Fitness axé longévité : les 3 meilleurs exercices

Le renforcement musculaire favorise la santé à long terme en préservant la mobilité, l’équilibre et l’autonomie longtemps.
Le fitness axé sur la longévité connait un véritable engouement, explique Kelyssa Hall, physiologiste de l’exercice à l’Hospital for Special Surgery. Le renforcement musculaire qui le caractérise préserve les fonctions motrices, la mobilité, la résilience et la récupération, le bien-être mental et l’autonomie dans l’avancée en âge.
Les spécialistes recommandent de se concentrer sur des mouvements polyarticulaires pour solliciter plusieurs groupes musculaires à la fois. Essayer ces trois exercices peut aider à protéger la densité osseuse et la posture, réduire le risque de chute et faciliter les mouvements quotidiens.
Plusieurs experts de fitness aident à connaître ceux qui renforcent réellement les muscles et soutiennent la santé à long terme.
Quels sont les 3 meilleurs exercices de fitness axé longévité ?
Ce sont les fentes, les pompes et le rowing (tirage) buste penché.
Les fentes
La force des jambes est un domaine essentiel sur lequel se concentrer pour la longévité, selon Grayson Wickham, kinésithérapeute et entraîneur personnel.

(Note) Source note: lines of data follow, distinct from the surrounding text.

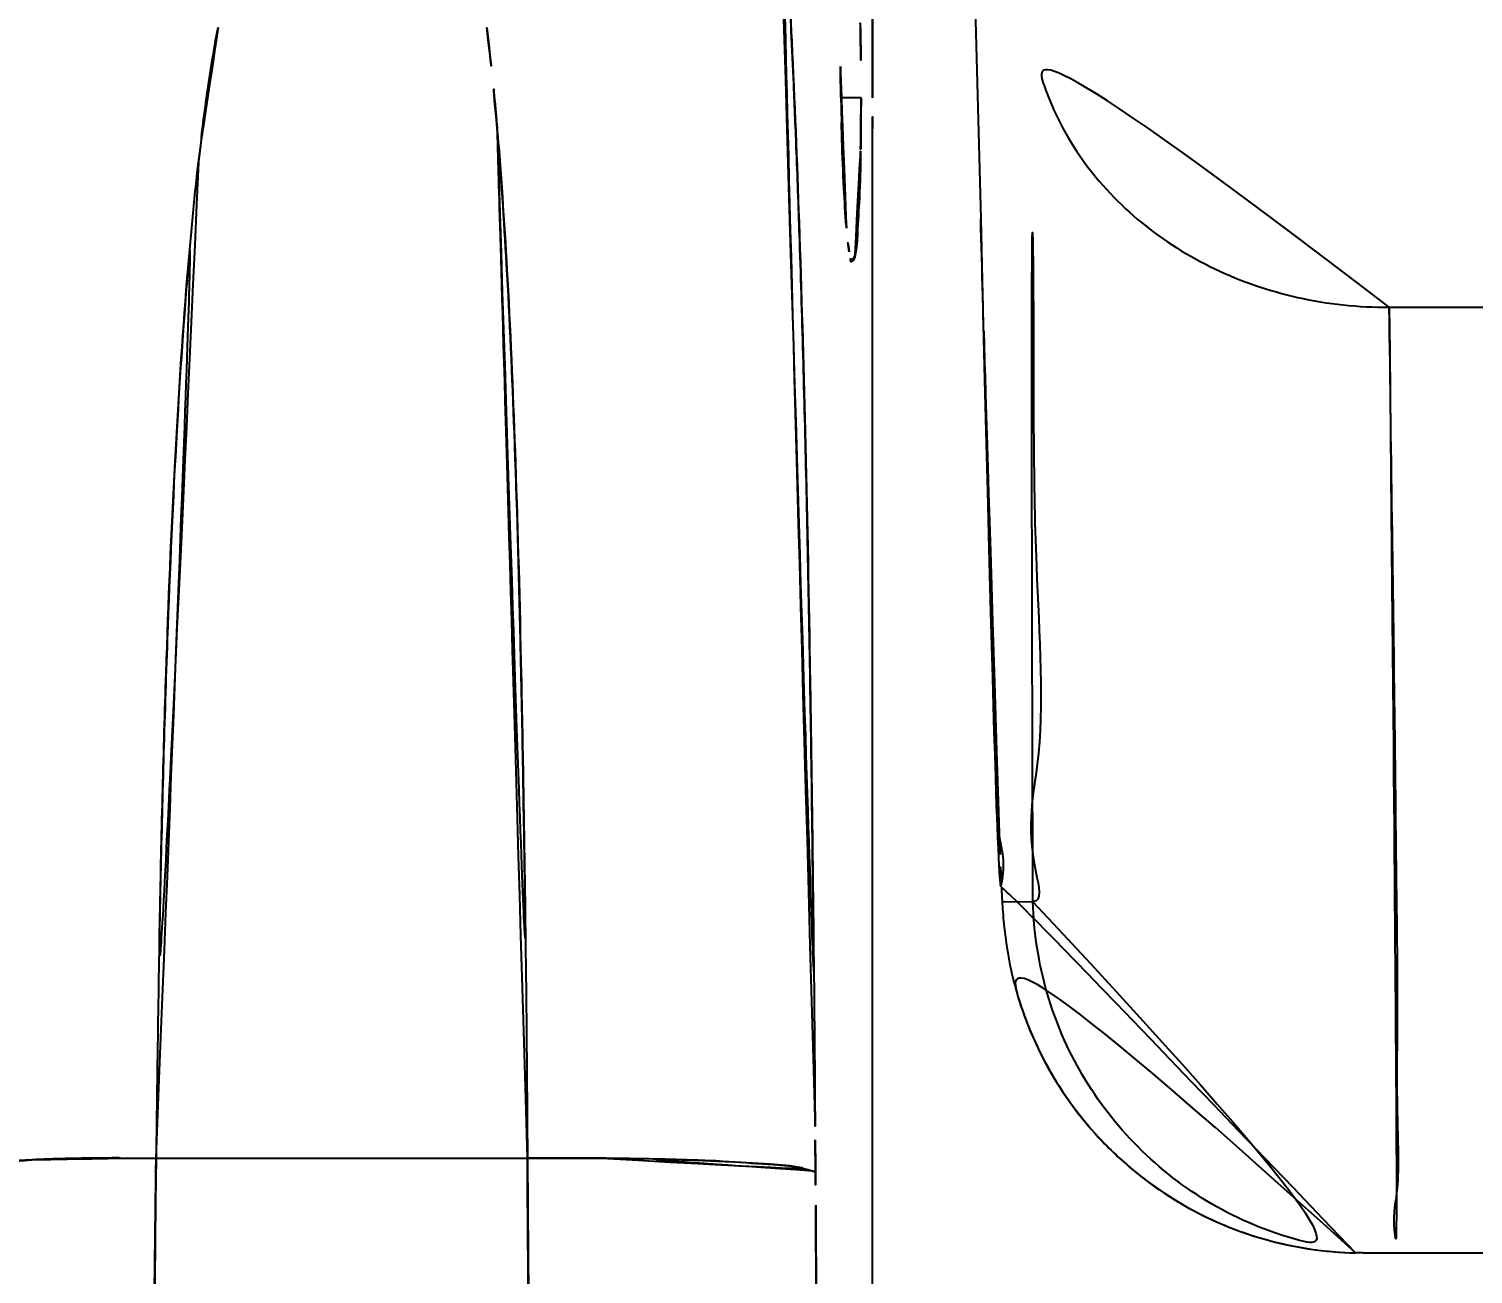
# Model space of a CAD drawing. Extents: x 16296660632 to 16296668616, y -37409619871 to -37409616241.
# Drawn here: x 16296666410.42 to 16296666450.61, y -37409616647.43 to -37409616612.79 of the extents above; entities that cross this region are included whole.
import ezdxf

# ---------------------------------------------------------------- set-up
doc = ezdxf.new("R2010")
doc.units = 0
doc.header["$LTSCALE"] = 10
doc.header["$MEASUREMENT"] = 0
doc.header["$PDMODE"] = 3
doc.header["$PDSIZE"] = -10
doc.layers.get('0').update_dxf_attribs({"linetype": 'CONTINUOUS'})
doc.layers.get('DEFPOINTS').update_dxf_attribs({"linetype": 'CONTINUOUS'})
doc.styles.add('Daelim Dimension', font='')
doc.styles.get('Daelim Dimension').set_extended_font_data('나눔고딕')
doc.dimstyles.new('DEFAULT', dxfattribs={"dimscale": 2, "dimtxt": 2, "dimasz": 2, "dimexe": 0, "dimexo": 2, "dimgap": 1, "dimtad": 1, "dimdec": 1, "dimzin": 9, "dimdsep": 46, "dimtxsty": 'Daelim Dimension', "dimcen": 0.5, "dimclrd": 252, "dimclre": 252, "dimclrt": 3, "dimadec": 1, "dimazin": 0, "dimtfac": 1, "dimtdec": 1, "dimtix": 1, "dimtmove": 0, "dimatfit": 3, "dimfxl": 1, "dimtolj": 1, "dimtzin": 1, "dimlwd": 9, "dimlwe": 9, "dimarcsym": 0})

# ---------------------------------------------------------------- blocks, each defined once
blk = doc.blocks.new('*D16')
at = {"color": 5, "lineweight": 9, "transparency": 16777216}
for p, q in [((16296666467.47109, -37409616640.80376), (16296666467.47109, -37409616937.17432)), ((16296666147.47109, -37409616641.1646), (16296666147.47109, -37409616937.17432)), ((16296666151.47109, -37409616937.17432), (16296666463.47109, -37409616937.17432))]:
    blk.add_line(p, q, dxfattribs=at)
at = {"color": 5, "transparency": 16777216}
for points in [[(16296666151.47109, -37409616936.50766), (16296666151.47109, -37409616937.84099), (16296666147.47109, -37409616937.17432)], [(16296666463.47109, -37409616936.50766), (16296666463.47109, -37409616937.84099), (16296666467.47109, -37409616937.17432)]]:
    blk.add_solid(points, dxfattribs=at)
at = {"layer": 'DEFPOINTS', "color": 0, "transparency": 16777216}
for p in [(16296666467.47109, -37409616636.80376), (16296666147.47109, -37409616637.1646), (16296666467.47109, -37409616937.17432)]:
    blk.add_point(p, dxfattribs=at)
at = {"color": 7, "transparency": 16777216, "insert": (16296666291.23105, -37409616918.8224), "char_height": 30, "attachment_point": 5, "style": 'Daelim Dimension'}
blk.add_mtext('\\A1;320', dxfattribs=at)
blk = doc.blocks.new('*D17')
at = {"color": 5, "lineweight": 9, "ltscale": 0.5, "transparency": 16777216}
for p, q in [((16296666587.9219, -37409616506.424438), (16296666624.81945, -37409616506.424438)), ((16296666624.81945, -37409616510.424438), (16296666624.81945, -37409616827.794708)), ((16296666313.128599, -37409616831.794708), (16296666624.81945, -37409616831.794708))]:
    blk.add_line(p, q, dxfattribs=at)
at = {"color": 5, "ltscale": 0.5, "transparency": 16777216}
for points in [[(16296666624.152781, -37409616510.424438), (16296666625.486111, -37409616510.424438), (16296666624.81945, -37409616506.424438)], [(16296666624.152781, -37409616827.794708), (16296666625.486111, -37409616827.794708), (16296666624.81945, -37409616831.794708)]]:
    blk.add_solid(points, dxfattribs=at)
at = {"layer": 'DEFPOINTS', "color": 0, "ltscale": 0.5, "transparency": 16777216}
for p in [(16296666583.9219, -37409616506.424438), (16296666309.128599, -37409616831.794708), (16296666624.81945, -37409616831.794708)]:
    blk.add_point(p, dxfattribs=at)
at = {"color": 7, "ltscale": 0.5, "transparency": 16777216, "insert": (16296666606.46752, -37409616669.109573), "char_height": 30, "attachment_point": 5, "rotation": 90, "style": 'Daelim Dimension'}
blk.add_mtext('\\A1;325', dxfattribs=at)

msp = doc.modelspace()

# ---------------------------------------------------------------- linework, layer by layer
at = {"linetype": 'Continuous'}
for p, q in [((16296666436.416691, -37409616599.508171), (16296666436.908381, -37409616618.071091)), ((16296666433.578119, -37409616614.704773), (16296666433.01774, -37409616614.704773)), ((16296666436.90847, -37409616618.068062), (16296666436.908381, -37409616618.071083)), ((16296666448.275391, -37409616620.534592), (16296666456.568871, -37409616620.534653)), ((16296666438.360769, -37409616637.071617), (16296666437.52215, -37409616637.086166)), ((16296666413.964081, -37409616644.205704), (16296666424.29635, -37409616644.205704)), ((16296666447.54738, -37409616646.844009), (16296666447.336069, -37409616646.841782)), ((16296666447.54738, -37409616646.844009), (16296666457.441681, -37409616646.844009))]:
    msp.add_line(p, q, dxfattribs=at)
for points, start_tangent, end_tangent in [([(16296666447.727539, -37409616583.636887), (16296666447.88275, -37409616594.980858), (16296666448.065359, -37409616607.284607), (16296666448.275391, -37409616620.534592)], (0.013022781, -0.9999152), (0.016300484, -0.999867138)), ([(16296666433.89782, -37409616614.704773), (16296666433.89777, -37409616612.625717), (16296666433.89777, -37409616604.037613), (16296666433.897779, -37409616595.622261), (16296666433.896721, -37409616593.802643)], (-0.000011228, 1), (-0.00061146, 0.999999813)), ([(16296666431.246241, -37409616606.699493), (16296666431.29108, -37409616607.240967), (16296666431.360781, -37409616608.17411), (16296666431.436069, -37409616609.29866), (16296666431.511681, -37409616610.514038), (16296666431.576321, -37409616611.654129), (16296666431.63633, -37409616612.851837), (16296666431.704941, -37409616614.341057), (16296666431.781811, -37409616616.217308), (16296666431.87104, -37409616618.696587), (16296666431.97257, -37409616622.072533), (16296666432.060749, -37409616625.634354), (16296666432.136761, -37409616629.441383), (16296666432.20063, -37409616633.482597), (16296666432.258101, -37409616638.346893), (16296666432.29907, -37409616643.086838)], (0.084374163, -0.996434143), (0.007425458, -0.999972431)), ([(16296666432.299271, -37409616643.086838), (16296666432.24815, -37409616637.338676), (16296666432.15398, -37409616630.442001), (16296666432.02232, -37409616623.993896), (16296666431.852961, -37409616618.166977), (16296666431.6493, -37409616613.126831), (16296666431.419491, -37409616609.019073), (16296666431.221769, -37409616606.399094)], (-0.006977251, 0.999975659), (-0.086083518, 0.996287924)), ([(16296666415.687469, -37409616612.748077), (16296666415.239321, -37409616615.678841), (16296666415.14123, -37409616616.505333)], (-0.188437902, -0.982085107), (-0.112849335, -0.993612111)), ([(16296666423.1635, -37409616612.748177), (16296666423.451191, -37409616615.541107)], (0.123790863, -0.99230833), (0.085046815, -0.996376956)), ([(16296666433.55724, -37409616612.620621), (16296666433.5665, -37409616613.142197), (16296666433.578119, -37409616614.704773)], (0.020313896, -0.999793652), (0.000025145, -1)), ([(16296666433.5728, -37409616613.653587), (16296666433.566231, -37409616613.128273), (16296666433.557249, -37409616612.620621)], (-0.009910787, 0.999950887), (-0.020194548, 0.999796069)), ([(16296666448.275391, -37409616620.534714), (16296666445.72661, -37409616620.258667), (16296666443.419399, -37409616619.464287), (16296666441.37989, -37409616618.175484), (16296666439.746309, -37409616616.43866), (16296666438.671169, -37409616614.368111), (16296666438.249559, -37409616612.083069)], (-0.999992229, -0.003942248), (-0.029426284, 0.999566953)), ([(16296666433.172331, -37409616618.329964), (16296666433.10202, -37409616617.269043), (16296666433.046341, -37409616615.891808), (16296666433.011589, -37409616614.353111), (16296666432.999941, -37409616612.789017)], (-0.0764628, 0.997072435), (-0.000065851, 0.999999998)), ([(16296666415.14201, -37409616616.505417), (16296666415.249861, -37409616615.608337), (16296666415.68749, -37409616612.748367)], (0.113648244, 0.99352105), (0.183493947, 0.98302084)), ([(16296666423.451361, -37409616615.541092), (16296666423.16349, -37409616612.748077)], (-0.08395253, 0.996469755), (-0.126905241, 0.991914845)), ([(16296666433.00526, -37409616613.84021), (16296666433.011829, -37409616614.365532), (16296666433.03257, -37409616615.391373)], (0.009910787, -0.999950887), (0.025135096, -0.999684064)), ([(16296666433.578119, -37409616614.704773), (16296666433.56736, -37409616616.136658), (16296666433.566851, -37409616616.182243)], (-0.000243999, -0.99999997), (-0.011277887, -0.999936403)), ([(16296666433.897829, -37409616615.568199), (16296666433.89782, -37409616614.704773)], (-0.000003587, 1), (-0.000011228, 1)), ([(16296666438.360769, -37409616637.071617), (16296666438.443609, -37409616636.254509), (16296666438.48246, -37409616633.24247), (16296666438.45746, -37409616627.732063), (16296666438.37134, -37409616620.234337), (16296666438.24958, -37409616612.083717)], (0.999999143, 0.001309316), (-0.016080848, 0.999870695)), ([(16296666423.451191, -37409616615.541107), (16296666423.460489, -37409616615.650787), (16296666423.716129, -37409616619.333107), (16296666423.9319, -37409616624.022903), (16296666424.101271, -37409616629.804947), (16296666424.221239, -37409616636.555962), (16296666424.29637, -37409616644.207283)], (0.085046815, -0.996376956), (0.0067124, -0.999977472)), ([(16296666433.03257, -37409616615.391373), (16296666433.04608, -37409616615.883629), (16296666433.099871, -37409616617.227402), (16296666433.169001, -37409616618.291168), (16296666433.17202, -37409616618.329987)], (0.025135096, -0.999684064), (0.078341389, -0.99692659)), ([(16296666424.29635, -37409616644.205704), (16296666424.230221, -37409616637.234047), (16296666424.122141, -37409616630.74511), (16296666423.961599, -37409616624.858414), (16296666423.739149, -37409616619.750557), (16296666423.463209, -37409616615.682831), (16296666423.451361, -37409616615.541092)], (-0.006294258, 0.999980191), (-0.08395253, 0.996469755)), ([(16296666433.897779, -37409616759.193558), (16296666433.897779, -37409616745.418861), (16296666433.897779, -37409616732.100067), (16296666433.897779, -37409616719.215233), (16296666433.89777, -37409616706.757019), (16296666433.89777, -37409616694.718117), (16296666433.89777, -37409616683.091248), (16296666433.89777, -37409616671.869072), (16296666433.89777, -37409616661.044296), (16296666433.89777, -37409616650.609627), (16296666433.89777, -37409616640.557739), (16296666433.89777, -37409616630.881317), (16296666433.89777, -37409616621.57309), (16296666433.897829, -37409616615.568199)], (-0.000000034, 1), (-0.000003587, 1)), ([(16296666433.411619, -37409616619.077797), (16296666433.478201, -37409616618.481216), (16296666433.531981, -37409616617.494263), (16296666433.566231, -37409616616.20314), (16296666433.566469, -37409616616.182243)], (0.27681604, 0.960922931), (0.011532237, 0.999933502)), ([(16296666433.566851, -37409616616.182243), (16296666433.53581, -37409616617.391457), (16296666433.48311, -37409616618.415489)], (-0.011277887, -0.999936403), (-0.014840313, -0.999889876)), ([(16296666415.14123, -37409616616.505333), (16296666414.82873, -37409616619.737221), (16296666414.49218, -37409616624.818497), (16296666414.241289, -37409616630.712067), (16296666414.07387, -37409616637.214233), (16296666413.964081, -37409616644.205704)], (-0.112849335, -0.993612111), (-0.011247362, -0.999936746)), ([(16296666413.964081, -37409616644.205879), (16296666414.084761, -37409616636.538132), (16296666414.27457, -37409616629.774246), (16296666414.538521, -37409616623.964981), (16296666414.867649, -37409616619.270828), (16296666415.14201, -37409616616.505417)], (0.010835946, 0.999941289), (0.113648244, 0.99352105)), ([(16296666436.90839, -37409616618.06498), (16296666437.02524, -37409616622.373421), (16296666437.140129, -37409616626.407913), (16296666437.24799, -37409616629.993271), (16296666437.344049, -37409616632.971558), (16296666437.424, -37409616635.209503), (16296666437.48415, -37409616636.602318), (16296666437.52215, -37409616637.086166)], (0.026472697, -0.999649537), (0.999488218, -0.031989102)), ([(16296666433.248871, -37409616618.993797), (16296666433.172331, -37409616618.329964)], (-0.155123707, 0.987895053), (-0.0764628, 0.997072435)), ([(16296666433.48311, -37409616618.415489), (16296666433.41136, -37409616619.073723), (16296666433.41033, -37409616619.077431)], (-0.014840313, -0.999889876), (-0.267969086, -0.963427511)), ([(16296666433.33079, -37409616619.260536), (16296666433.248871, -37409616618.993797)], (-0.947056673, -0.32106644), (-0.155123707, 0.987895053)), ([(16296666433.33507, -37409616619.257538), (16296666433.409069, -37409616619.086578), (16296666433.411619, -37409616619.077797)], (0.805533235, 0.592550595), (0.276816848, 0.960922698)), ([(16296666433.41033, -37409616619.077431), (16296666433.330811, -37409616619.260529)], (-0.267969086, -0.963427511), (-0.946412922, -0.322959102)), ([(16296666437.444759, -37409616635.762657), (16296666437.418091, -37409616635.078499), (16296666437.38603, -37409616634.201317), (16296666437.347401, -37409616633.08535), (16296666437.300961, -37409616631.677872), (16296666437.245371, -37409616629.919083), (16296666437.179291, -37409616627.743057), (16296666437.10149, -37409616625.081383), (16296666437.01116, -37409616621.871132), (16296666436.908421, -37409616618.07106)], (-0.040429422, 0.999182397), (-0.026468035, 0.99964966)), ([(16296666448.275391, -37409616620.534592), (16296666448.361151, -37409616626.807442), (16296666448.43248, -37409616632.14946), (16296666448.48053, -37409616636.620262), (16296666448.50609, -37409616640.265907), (16296666448.50946, -37409616643.110901), (16296666448.490499, -37409616645.163612), (16296666448.44853, -37409616646.41732), (16296666448.38674, -37409616646.844009)], (0.013770612, -0.999905181), (-0.999999924, 0.000389662)), ([(16296666437.473841, -37409616636.44352), (16296666437.46714, -37409616636.293991), (16296666437.444759, -37409616635.762657)], (-0.04555725, 0.998961729), (-0.040429422, 0.999182397)), ([(16296666447.33606, -37409616646.842003), (16296666444.78471, -37409616646.456253), (16296666442.682289, -37409616645.585297), (16296666441.18067, -37409616644.564468), (16296666440.177799, -37409616643.617996), (16296666439.51729, -37409616642.824257), (16296666439.07678, -37409616642.185707), (16296666438.54422, -37409616641.235703), (16296666438.066851, -37409616640.090103), (16296666437.79311, -37409616639.154243), (16296666437.622629, -37409616638.278267), (16296666437.55254, -37409616637.704453), (16296666437.523319, -37409616637.34948), (16296666437.504129, -37409616637.045059), (16296666437.486401, -37409616636.709007), (16296666437.473841, -37409616636.44352)], (-0.999777926, 0.021073662), (-0.04555725, 0.998961729)), ([(16296666438.36092, -37409616637.077118), (16296666438.75655, -37409616639.615601), (16296666439.740709, -37409616641.897202), (16296666441.28516, -37409616643.896622), (16296666443.33234, -37409616645.477226), (16296666445.746269, -37409616646.490173), (16296666448.38674, -37409616646.844009)], (0.026176081, -0.999657348), (1, -0.000000014)), ([(16296666447.336069, -37409616646.841759), (16296666445.001789, -37409616646.515556), (16296666442.69383, -37409616645.591347), (16296666440.653919, -37409616644.099358), (16296666439.02033, -37409616642.094391), (16296666437.94455, -37409616639.708023), (16296666437.521561, -37409616637.077118)], (-0.999774036, 0.021257413), (-0.026176081, 0.999657348)), ([(16296666432.29907, -37409616643.086838), (16296666432.30352, -37409616643.696899)], (0.007425458, -0.999972431), (0.007159631, -0.99997437)), ([(16296666432.309059, -37409616644.594971), (16296666432.299271, -37409616643.086838)], (-0.006015661, 0.999981906), (-0.006977251, 0.999975659)), ([(16296666432.30352, -37409616643.696899), (16296666432.30979, -37409616644.594963)], (0.007159631, -0.99997437), (0.006829635, -0.999976678)), ([(16296666409.27844, -37409616644.355614), (16296666409.638201, -37409616644.311493), (16296666410.413469, -37409616644.258087), (16296666410.508631, -37409616644.253326)], (0.983779117, 0.179384082), (0.998840829, 0.048135211)), ([(16296666410.50864, -37409616644.253471), (16296666410.44931, -37409616644.256393), (16296666409.655161, -37409616644.309769), (16296666409.278419, -37409616644.355453)], (-0.998844912, -0.048050412), (-0.983623323, -0.180236398)), ([(16296666410.508631, -37409616644.253326), (16296666411.443621, -37409616644.221153), (16296666412.655701, -37409616644.203308), (16296666413.964081, -37409616644.205879)], (0.998840829, 0.048135211), (0.999952956, -0.009699802)), ([(16296666413.971201, -37409616644.207474), (16296666412.66501, -37409616644.204147), (16296666411.48007, -37409616644.220703), (16296666410.50864, -37409616644.253471)], (-0.999947048, 0.010290851), (-0.998844912, -0.048050412)), ([(16296666413.964081, -37409616644.205879), (16296666413.81794, -37409616656.736343), (16296666413.805531, -37409616657.831802)], (-0.013134189, -0.999913743), (-0.011340943, -0.999935689)), ([(16296666424.29425, -37409616644.207428), (16296666424.38336, -37409616656.845543), (16296666424.407841, -37409616660.4785)], (0.006135946, -0.999981175), (0.006286402, -0.99998024)), ([(16296666424.29637, -37409616644.207283), (16296666426.3034, -37409616644.209663), (16296666426.36397, -37409616644.21022)], (0.999981319, 0.00611244), (0.999954116, -0.009579413)), ([(16296666426.36397, -37409616644.210312), (16296666424.29425, -37409616644.207428)], (-0.999954496, 0.009539738), (-0.999981213, -0.006129685)), ([(16296666426.36397, -37409616644.21022), (16296666428.12365, -37409616644.239662), (16296666429.740049, -37409616644.296227), (16296666431.047609, -37409616644.377724), (16296666431.928631, -37409616644.479156), (16296666432.23868, -37409616644.567993)], (0.999954116, -0.009579413), (0.93996054, -0.341283143)), ([(16296666432.23885, -37409616644.567268), (16296666431.950439, -37409616644.482857), (16296666431.14011, -37409616644.385597), (16296666429.89982, -37409616644.304001), (16296666428.27536, -37409616644.243683), (16296666426.36397, -37409616644.210312)], (-0.937702673, 0.347438766), (-0.999954496, 0.009539738)), ([(16296666432.23868, -37409616644.567993), (16296666432.309059, -37409616644.594971)], (0.93996054, -0.341283144), (0.927104071, -0.374804004)), ([(16296666432.30891, -37409616644.59478), (16296666432.23885, -37409616644.567268)], (-0.923433602, 0.383758234), (-0.937702673, 0.347438767)), ([(16296666432.30979, -37409616644.594963), (16296666432.31596, -37409616645.515541)], (0.006829635, -0.999976678), (0.006595212, -0.999978251)), ([(16296666432.31596, -37409616645.515541), (16296666432.34094, -37409616649.346291), (16296666432.39011, -37409616656.138268), (16296666432.39085, -37409616656.239601)], (0.006595212, -0.999978251), (0.007266121, -0.999973601))]:
    msp.add_spline(points, degree=3, dxfattribs=dict(at, start_tangent=start_tangent, end_tangent=end_tangent))

# ---------------------------------------------------------------- dimensions: what is measured, and where the dimension line sits
at = {"color": 5, "ltscale": 0.5}
dim = msp.add_linear_dim(base=(16296666624.81945, -37409616831.794708), p1=(16296666583.9219, -37409616506.424438), p2=(16296666309.128599, -37409616831.794708), angle=90, dimstyle='DEFAULT', override={"dimtxt": 15, "dimdec": 0, "dimclrd": 5, "dimclre": 5, "dimclrt": 7}, dxfattribs=at)
dim.commit()
dim.dimension.update_dxf_attribs({"geometry": '*D17', "text_midpoint": (16296666606.46752, -37409616669.109573)})
at = {"color": 5}
dim = msp.add_linear_dim(base=(16296666467.47109, -37409616937.174316), p1=(16296666147.47109, -37409616637.164597), p2=(16296666467.47109, -37409616636.803757), dimstyle='DEFAULT', override={"dimtxt": 15, "dimclrd": 5, "dimclre": 5, "dimclrt": 7}, dxfattribs=at)
dim.commit()
dim.dimension.update_dxf_attribs({"geometry": '*D16', "text_midpoint": (16296666291.23105, -37409616937.174316), "dimtype": 160})

doc.saveas('drawing.dxf')

Les fentes ciblent quadriceps et fessiers, qui comptent parmi les plus grands groupes musculaires. De tous les exercices pour les jambes, les fentes sont un exercice de premier choix car elles travaillent la force sur une seule jambe : cela peut aider à améliorer l’équilibre, la mobilité articulaire et la stabilité.
Comment faire une fente :
- se tenir debout, les pieds à largeur des hanches, mains jointes devant la poitrine ou sur les hanches,
- en gardant le torse droit, faire un pas en avant d’environ 30 à 60 cm avec le pied droit,
- plier le genou droit à un angle de 90 degrés, la cuisse droite parallèle au sol,
- pousser sur la plante du pied droit et basculer le poids sur le pied gauche pour ramener le pied droit à la position de départ,
- répéter de l’autre côté.
Les pompes
Parce que les pompes sollicitent plusieurs groupes de muscles à la fois (le haut et le bas du dos, la poitrine, les épaules, les biceps et la sangle abdominale) elles sont particulièrement efficaces pour préserver la force musculaire et la fluidité des mouvements avec l’âge.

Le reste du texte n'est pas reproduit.